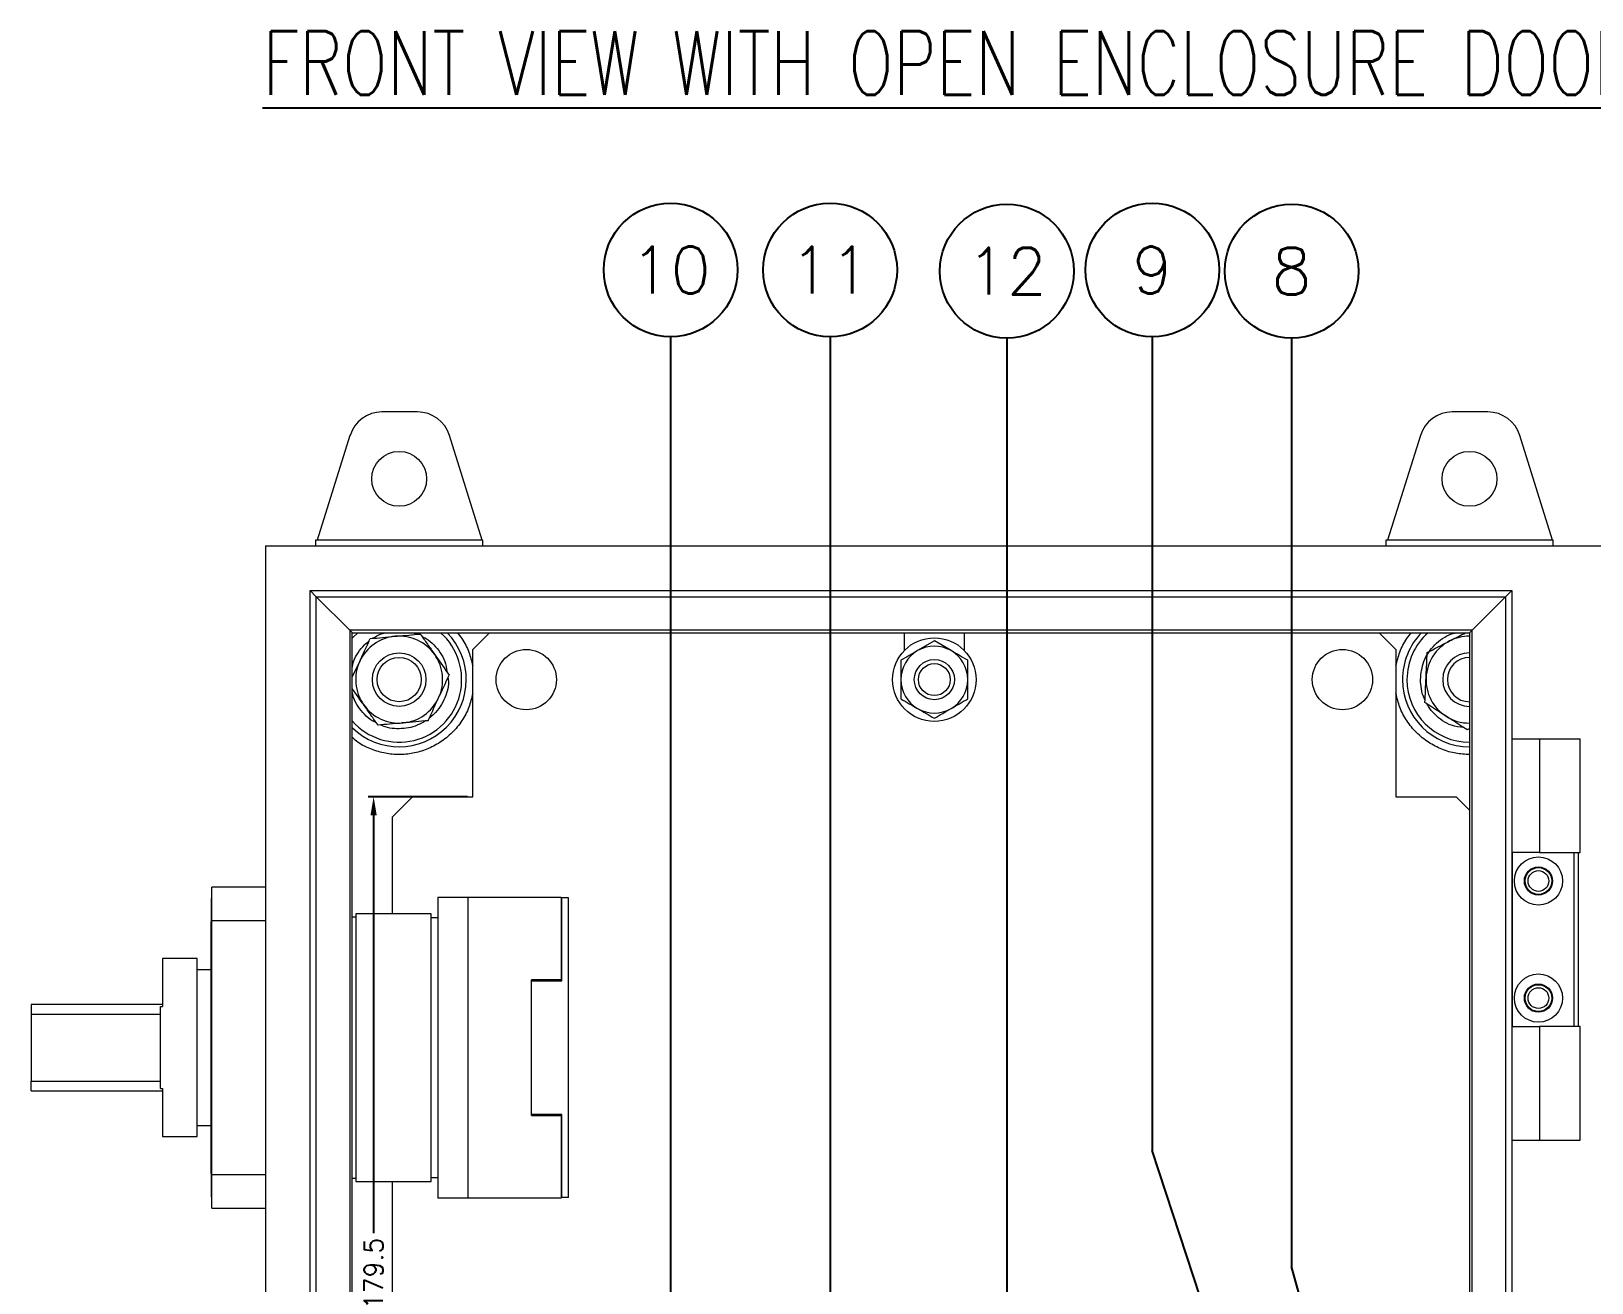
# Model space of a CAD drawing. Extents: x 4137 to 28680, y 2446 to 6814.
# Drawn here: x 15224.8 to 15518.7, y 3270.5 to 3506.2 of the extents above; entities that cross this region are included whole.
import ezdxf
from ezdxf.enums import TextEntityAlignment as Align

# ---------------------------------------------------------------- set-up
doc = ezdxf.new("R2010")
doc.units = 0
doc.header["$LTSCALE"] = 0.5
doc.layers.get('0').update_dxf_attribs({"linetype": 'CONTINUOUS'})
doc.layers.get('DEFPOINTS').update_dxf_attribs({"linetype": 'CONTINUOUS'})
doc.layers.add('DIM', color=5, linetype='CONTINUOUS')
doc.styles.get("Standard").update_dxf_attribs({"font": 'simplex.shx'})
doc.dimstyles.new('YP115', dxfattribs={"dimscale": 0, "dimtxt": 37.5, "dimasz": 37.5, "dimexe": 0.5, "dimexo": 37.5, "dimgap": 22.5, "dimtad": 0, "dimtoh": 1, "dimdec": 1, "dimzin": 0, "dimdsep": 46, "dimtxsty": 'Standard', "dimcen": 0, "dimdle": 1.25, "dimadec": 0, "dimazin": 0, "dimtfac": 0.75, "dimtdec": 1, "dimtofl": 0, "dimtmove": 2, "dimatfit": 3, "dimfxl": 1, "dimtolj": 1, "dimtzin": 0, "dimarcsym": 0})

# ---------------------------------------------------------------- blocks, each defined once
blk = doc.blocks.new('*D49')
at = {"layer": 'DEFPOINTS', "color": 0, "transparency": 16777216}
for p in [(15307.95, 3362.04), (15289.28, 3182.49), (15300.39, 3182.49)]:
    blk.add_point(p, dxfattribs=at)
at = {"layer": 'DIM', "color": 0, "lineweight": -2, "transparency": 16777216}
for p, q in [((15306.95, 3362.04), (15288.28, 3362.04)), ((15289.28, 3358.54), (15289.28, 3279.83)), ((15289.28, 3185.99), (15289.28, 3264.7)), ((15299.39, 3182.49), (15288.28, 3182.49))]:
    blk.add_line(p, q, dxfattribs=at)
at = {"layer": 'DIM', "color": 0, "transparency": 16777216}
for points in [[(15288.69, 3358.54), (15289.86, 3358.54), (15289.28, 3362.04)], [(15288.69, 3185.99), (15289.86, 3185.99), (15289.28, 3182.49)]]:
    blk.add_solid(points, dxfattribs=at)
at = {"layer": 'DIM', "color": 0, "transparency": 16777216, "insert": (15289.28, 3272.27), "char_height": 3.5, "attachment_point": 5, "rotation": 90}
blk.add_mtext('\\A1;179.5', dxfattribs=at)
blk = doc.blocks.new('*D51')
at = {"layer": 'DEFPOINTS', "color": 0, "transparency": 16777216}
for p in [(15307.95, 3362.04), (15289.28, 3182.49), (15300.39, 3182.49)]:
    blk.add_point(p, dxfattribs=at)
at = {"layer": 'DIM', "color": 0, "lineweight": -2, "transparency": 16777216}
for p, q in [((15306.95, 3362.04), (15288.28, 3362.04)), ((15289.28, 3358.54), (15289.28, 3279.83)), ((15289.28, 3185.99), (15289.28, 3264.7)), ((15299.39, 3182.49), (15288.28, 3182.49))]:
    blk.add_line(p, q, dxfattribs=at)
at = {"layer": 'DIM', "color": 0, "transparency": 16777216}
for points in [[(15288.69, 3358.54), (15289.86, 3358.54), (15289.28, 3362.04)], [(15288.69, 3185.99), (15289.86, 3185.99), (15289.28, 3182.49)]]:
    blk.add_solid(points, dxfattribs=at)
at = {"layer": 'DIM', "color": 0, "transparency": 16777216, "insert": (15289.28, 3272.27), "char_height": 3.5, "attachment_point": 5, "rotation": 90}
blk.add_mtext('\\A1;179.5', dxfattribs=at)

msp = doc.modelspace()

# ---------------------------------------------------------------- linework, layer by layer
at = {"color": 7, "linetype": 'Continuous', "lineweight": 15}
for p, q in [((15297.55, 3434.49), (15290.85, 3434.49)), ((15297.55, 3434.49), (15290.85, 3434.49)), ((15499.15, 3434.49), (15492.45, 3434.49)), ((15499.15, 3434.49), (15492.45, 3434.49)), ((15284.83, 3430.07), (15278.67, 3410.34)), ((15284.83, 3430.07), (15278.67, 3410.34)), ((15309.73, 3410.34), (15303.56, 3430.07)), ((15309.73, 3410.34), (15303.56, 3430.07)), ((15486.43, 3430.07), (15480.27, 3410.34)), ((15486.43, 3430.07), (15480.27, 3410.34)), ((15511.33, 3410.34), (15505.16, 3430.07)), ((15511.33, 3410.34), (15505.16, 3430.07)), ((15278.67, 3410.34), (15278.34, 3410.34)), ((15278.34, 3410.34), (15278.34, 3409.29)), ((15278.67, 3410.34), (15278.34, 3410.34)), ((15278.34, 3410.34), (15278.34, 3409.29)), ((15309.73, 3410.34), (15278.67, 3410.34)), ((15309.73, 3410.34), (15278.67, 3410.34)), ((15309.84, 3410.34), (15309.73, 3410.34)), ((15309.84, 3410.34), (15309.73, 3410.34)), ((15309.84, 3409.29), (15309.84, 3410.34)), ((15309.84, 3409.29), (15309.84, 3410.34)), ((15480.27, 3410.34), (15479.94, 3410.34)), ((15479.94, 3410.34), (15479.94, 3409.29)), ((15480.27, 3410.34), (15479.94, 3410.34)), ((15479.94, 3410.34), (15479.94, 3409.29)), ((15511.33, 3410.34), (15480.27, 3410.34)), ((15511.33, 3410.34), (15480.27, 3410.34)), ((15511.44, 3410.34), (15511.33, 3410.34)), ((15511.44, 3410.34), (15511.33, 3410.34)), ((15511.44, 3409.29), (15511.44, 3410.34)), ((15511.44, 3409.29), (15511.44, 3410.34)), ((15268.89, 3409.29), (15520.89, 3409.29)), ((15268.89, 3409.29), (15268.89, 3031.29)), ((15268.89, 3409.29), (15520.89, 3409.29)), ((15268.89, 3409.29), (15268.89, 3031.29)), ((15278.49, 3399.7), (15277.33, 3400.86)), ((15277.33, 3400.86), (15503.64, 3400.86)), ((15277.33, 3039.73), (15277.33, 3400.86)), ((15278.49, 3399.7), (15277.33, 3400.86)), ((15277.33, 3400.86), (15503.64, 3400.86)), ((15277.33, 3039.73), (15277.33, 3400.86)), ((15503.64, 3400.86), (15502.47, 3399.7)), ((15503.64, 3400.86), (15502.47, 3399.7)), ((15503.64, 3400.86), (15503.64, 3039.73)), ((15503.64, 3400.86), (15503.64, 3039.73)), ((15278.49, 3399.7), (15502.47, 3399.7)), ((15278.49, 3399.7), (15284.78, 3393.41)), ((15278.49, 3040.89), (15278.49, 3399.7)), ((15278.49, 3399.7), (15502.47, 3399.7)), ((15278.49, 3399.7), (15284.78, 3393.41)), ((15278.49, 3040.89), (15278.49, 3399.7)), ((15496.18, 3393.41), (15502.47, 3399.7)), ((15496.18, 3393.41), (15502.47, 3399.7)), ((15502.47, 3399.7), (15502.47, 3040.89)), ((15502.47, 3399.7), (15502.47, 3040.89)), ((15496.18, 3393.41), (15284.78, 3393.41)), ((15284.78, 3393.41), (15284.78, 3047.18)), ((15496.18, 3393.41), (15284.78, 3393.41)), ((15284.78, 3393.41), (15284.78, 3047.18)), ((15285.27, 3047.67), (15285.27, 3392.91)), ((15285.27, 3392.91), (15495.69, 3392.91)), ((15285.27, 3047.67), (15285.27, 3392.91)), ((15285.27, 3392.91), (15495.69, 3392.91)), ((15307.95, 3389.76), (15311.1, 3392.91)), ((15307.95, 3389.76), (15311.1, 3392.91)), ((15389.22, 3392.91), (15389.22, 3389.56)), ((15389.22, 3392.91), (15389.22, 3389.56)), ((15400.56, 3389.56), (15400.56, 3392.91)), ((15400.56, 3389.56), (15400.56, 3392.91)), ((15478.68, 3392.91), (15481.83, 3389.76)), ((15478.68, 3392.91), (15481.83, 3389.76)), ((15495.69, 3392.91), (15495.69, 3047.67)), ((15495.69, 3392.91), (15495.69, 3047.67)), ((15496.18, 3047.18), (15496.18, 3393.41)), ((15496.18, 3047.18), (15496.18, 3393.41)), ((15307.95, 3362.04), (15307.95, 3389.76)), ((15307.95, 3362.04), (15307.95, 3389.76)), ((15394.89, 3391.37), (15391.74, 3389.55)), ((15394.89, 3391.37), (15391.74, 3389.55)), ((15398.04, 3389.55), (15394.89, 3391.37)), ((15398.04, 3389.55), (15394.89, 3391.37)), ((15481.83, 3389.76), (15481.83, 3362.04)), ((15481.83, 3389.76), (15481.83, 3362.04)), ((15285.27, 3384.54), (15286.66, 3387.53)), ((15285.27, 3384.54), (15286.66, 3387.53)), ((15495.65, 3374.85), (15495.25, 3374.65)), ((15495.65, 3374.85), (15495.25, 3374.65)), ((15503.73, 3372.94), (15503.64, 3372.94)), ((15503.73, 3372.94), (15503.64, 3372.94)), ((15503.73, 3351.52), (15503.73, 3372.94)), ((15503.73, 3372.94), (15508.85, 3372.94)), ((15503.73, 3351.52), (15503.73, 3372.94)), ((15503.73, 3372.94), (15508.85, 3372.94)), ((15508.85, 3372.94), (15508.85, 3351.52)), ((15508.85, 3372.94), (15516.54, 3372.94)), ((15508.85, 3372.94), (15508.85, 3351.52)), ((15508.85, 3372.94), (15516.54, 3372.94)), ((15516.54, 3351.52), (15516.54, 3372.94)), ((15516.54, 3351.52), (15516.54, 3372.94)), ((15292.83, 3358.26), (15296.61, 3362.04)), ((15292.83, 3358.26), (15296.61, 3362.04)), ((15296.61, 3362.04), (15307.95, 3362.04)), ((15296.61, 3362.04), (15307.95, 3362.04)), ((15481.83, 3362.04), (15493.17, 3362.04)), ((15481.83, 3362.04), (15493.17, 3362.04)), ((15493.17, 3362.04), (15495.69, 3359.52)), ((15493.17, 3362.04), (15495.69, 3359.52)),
──────────
> HOW TO COMPLETE THIS TASK: Wherever the word "import" appears in the listing above, copy that line.

> SOLUTION:
import ezdxf
from ezdxf.enums import TextEntityAlignment as Align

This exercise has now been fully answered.